What the task requires: Your answer must consist solely of the line containing "Gain/1 -> Sum/1" and each line after it through the end of the data, copied exactly.

Top of Listed entries

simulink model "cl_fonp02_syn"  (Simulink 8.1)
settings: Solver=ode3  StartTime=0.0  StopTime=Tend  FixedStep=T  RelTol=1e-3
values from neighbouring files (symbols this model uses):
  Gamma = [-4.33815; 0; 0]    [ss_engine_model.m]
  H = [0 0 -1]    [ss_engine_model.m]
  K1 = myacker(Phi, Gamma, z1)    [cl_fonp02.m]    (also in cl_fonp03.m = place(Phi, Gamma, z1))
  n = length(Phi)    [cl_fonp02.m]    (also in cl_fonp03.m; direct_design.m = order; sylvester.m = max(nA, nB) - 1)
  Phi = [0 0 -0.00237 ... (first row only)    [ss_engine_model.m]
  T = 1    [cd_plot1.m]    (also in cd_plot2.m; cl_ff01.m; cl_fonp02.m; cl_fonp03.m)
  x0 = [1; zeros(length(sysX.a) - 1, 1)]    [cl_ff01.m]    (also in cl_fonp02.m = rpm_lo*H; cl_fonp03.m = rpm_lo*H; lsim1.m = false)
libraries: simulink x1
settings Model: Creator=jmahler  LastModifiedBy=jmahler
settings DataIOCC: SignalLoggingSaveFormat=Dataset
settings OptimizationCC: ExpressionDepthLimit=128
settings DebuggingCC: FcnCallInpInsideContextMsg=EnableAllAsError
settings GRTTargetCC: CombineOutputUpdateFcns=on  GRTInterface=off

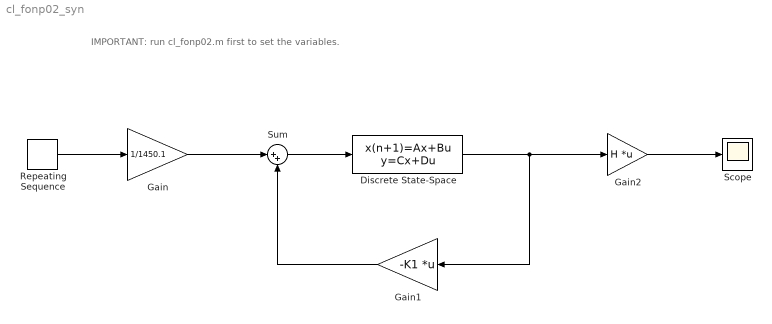
== system cl_fonp02_syn ==
  note: IMPORTANT: run cl_fonp02.m first to set the variables.
  Discrete State-Space : DiscreteStateSpace  A=Phi  B=Gamma  C=eye(n)  D=zeros(n,1)  X0=x0  SampleTime=T
  Gain : Gain  Gain=1/1450.1
  Gain1 : Gain  Gain=-K1  Multiplication=Matrix(K*u)
  Gain2 : Gain  Gain=H  Multiplication=Matrix(K*u)  SampleTime=T
  Repeating Sequence : simulink/Sources/Repeating Sequence  rep_seq_t=t1  rep_seq_y=u
  Scope : Scope
  Sum : Sum  Inputs=|++
  wires:
  Sum/1 -> Discrete State-Space/1
  Gain/1 -> Sum/1
  Gain1/1 -> Sum/2
  Gain2/1 -> Scope/1
  Discrete State-Space/1 -> Gain2/1, Gain1/1
  Repeating Sequence/1 -> Gain/1

Bottom of Listed entries

Solution to this task:
  Gain/1 -> Sum/1
  Gain1/1 -> Sum/2
  Gain2/1 -> Scope/1
  Discrete State-Space/1 -> Gain2/1, Gain1/1
  Repeating Sequence/1 -> Gain/1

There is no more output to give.